**What you should do**
In the entries below, find the line with "flip direction yes" and the line with "line L3 (35.75, -12.28)". Return those two lines and all lines between them, exactly.

**Material supplied**
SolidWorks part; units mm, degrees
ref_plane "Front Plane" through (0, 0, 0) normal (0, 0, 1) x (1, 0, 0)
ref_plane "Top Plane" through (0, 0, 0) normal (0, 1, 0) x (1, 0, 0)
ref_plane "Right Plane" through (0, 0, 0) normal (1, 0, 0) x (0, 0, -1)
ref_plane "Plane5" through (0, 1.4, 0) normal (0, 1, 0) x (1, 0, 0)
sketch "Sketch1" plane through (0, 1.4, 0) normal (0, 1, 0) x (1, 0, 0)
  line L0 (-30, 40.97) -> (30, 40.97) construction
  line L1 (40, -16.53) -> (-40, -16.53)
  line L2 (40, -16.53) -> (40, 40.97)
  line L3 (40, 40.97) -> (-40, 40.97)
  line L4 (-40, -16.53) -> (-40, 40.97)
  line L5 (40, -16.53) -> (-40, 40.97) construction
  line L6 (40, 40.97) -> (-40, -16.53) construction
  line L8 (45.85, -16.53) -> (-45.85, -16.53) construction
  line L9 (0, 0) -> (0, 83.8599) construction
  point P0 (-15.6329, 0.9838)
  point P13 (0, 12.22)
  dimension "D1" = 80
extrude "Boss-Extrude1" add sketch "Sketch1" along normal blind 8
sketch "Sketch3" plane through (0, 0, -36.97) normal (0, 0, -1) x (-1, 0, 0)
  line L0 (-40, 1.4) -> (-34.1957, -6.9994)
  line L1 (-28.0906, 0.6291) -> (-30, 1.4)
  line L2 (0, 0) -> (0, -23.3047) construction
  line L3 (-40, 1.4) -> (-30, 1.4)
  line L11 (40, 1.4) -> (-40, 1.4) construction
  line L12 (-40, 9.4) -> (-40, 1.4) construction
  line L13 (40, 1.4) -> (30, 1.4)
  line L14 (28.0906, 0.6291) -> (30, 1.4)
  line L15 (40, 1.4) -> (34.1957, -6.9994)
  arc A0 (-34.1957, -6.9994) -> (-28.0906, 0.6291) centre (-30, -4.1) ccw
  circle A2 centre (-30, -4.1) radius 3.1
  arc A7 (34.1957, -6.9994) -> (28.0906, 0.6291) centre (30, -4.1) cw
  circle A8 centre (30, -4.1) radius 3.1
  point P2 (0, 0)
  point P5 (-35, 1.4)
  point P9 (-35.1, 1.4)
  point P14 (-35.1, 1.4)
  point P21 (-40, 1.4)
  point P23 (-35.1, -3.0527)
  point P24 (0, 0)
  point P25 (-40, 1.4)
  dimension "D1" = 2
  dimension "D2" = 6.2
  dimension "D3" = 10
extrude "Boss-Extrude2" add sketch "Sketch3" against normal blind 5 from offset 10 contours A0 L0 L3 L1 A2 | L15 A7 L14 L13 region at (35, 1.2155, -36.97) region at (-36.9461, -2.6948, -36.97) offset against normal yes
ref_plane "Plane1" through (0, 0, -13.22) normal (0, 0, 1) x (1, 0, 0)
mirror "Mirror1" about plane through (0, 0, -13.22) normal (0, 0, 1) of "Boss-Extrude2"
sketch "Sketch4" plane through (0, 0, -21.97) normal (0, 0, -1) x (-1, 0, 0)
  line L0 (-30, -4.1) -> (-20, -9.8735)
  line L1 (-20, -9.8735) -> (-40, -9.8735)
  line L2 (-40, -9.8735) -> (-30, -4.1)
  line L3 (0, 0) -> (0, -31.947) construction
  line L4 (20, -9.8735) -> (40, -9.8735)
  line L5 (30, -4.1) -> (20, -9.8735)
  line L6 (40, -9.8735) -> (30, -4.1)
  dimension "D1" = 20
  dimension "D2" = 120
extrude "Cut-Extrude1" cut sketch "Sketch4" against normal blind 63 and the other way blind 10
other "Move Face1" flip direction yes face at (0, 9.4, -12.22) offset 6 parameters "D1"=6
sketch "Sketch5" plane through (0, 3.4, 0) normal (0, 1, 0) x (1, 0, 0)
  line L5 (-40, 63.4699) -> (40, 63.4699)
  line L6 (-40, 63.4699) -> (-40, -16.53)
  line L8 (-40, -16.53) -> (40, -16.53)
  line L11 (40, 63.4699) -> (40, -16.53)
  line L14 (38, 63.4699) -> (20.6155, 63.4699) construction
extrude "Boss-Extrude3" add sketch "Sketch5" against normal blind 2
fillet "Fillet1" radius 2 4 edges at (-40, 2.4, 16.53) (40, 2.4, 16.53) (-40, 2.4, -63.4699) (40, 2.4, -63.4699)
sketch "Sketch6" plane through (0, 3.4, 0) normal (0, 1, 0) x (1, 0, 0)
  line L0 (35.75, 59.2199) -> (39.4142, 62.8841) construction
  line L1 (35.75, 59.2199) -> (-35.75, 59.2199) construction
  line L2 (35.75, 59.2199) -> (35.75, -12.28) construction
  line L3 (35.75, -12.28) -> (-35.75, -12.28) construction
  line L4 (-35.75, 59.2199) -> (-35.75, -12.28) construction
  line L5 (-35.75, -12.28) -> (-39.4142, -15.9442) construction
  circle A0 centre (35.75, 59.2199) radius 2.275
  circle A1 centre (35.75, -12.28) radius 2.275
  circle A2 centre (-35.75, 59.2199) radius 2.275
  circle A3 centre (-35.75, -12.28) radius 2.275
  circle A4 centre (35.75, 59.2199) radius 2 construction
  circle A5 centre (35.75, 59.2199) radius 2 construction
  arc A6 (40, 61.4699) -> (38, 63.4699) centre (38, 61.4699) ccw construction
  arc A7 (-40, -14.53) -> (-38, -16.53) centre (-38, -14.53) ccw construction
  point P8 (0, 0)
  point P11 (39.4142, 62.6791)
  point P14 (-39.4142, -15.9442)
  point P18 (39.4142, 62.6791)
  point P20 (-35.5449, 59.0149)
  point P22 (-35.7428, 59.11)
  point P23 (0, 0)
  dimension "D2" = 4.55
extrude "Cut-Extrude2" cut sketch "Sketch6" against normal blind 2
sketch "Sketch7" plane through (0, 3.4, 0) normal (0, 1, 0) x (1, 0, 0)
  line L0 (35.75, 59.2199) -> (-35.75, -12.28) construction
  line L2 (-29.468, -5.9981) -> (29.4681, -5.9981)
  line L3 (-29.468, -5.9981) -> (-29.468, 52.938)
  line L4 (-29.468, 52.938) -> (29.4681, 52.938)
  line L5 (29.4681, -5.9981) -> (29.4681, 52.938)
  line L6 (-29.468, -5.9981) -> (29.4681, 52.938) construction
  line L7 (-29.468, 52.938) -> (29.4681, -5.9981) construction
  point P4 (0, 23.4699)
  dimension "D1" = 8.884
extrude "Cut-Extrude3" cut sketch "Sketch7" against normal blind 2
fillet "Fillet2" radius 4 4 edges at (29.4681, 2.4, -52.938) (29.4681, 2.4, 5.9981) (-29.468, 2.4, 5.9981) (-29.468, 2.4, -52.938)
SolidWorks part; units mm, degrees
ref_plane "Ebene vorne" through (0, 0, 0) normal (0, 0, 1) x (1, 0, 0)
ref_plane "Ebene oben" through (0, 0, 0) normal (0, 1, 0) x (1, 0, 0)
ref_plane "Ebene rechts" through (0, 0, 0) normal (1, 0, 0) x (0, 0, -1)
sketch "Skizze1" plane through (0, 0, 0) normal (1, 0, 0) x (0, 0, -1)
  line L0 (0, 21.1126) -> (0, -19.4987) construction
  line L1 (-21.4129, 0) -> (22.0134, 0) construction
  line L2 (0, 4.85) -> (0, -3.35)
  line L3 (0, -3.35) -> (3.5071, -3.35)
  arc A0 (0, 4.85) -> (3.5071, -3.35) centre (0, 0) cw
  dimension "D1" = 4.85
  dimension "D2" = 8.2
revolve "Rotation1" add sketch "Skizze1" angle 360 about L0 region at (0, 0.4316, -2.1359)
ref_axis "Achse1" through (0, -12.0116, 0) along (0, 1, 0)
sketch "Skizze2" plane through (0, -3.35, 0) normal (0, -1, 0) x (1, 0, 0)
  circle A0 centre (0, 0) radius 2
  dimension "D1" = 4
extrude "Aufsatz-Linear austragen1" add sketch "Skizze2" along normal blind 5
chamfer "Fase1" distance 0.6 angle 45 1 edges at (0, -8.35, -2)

**Worked solution**
other "Move Face1" flip direction yes face at (0, 9.4, -12.22) offset 6 parameters "D1"=6
sketch "Sketch5" plane through (0, 3.4, 0) normal (0, 1, 0) x (1, 0, 0)
  line L5 (-40, 63.4699) -> (40, 63.4699)
  line L6 (-40, 63.4699) -> (-40, -16.53)
  line L8 (-40, -16.53) -> (40, -16.53)
  line L11 (40, 63.4699) -> (40, -16.53)
  line L14 (38, 63.4699) -> (20.6155, 63.4699) construction
extrude "Boss-Extrude3" add sketch "Sketch5" against normal blind 2
fillet "Fillet1" radius 2 4 edges at (-40, 2.4, 16.53) (40, 2.4, 16.53) (-40, 2.4, -63.4699) (40, 2.4, -63.4699)
sketch "Sketch6" plane through (0, 3.4, 0) normal (0, 1, 0) x (1, 0, 0)
  line L0 (35.75, 59.2199) -> (39.4142, 62.8841) construction
  line L1 (35.75, 59.2199) -> (-35.75, 59.2199) construction
  line L2 (35.75, 59.2199) -> (35.75, -12.28) construction
  line L3 (35.75, -12.28) -> (-35.75, -12.28) construction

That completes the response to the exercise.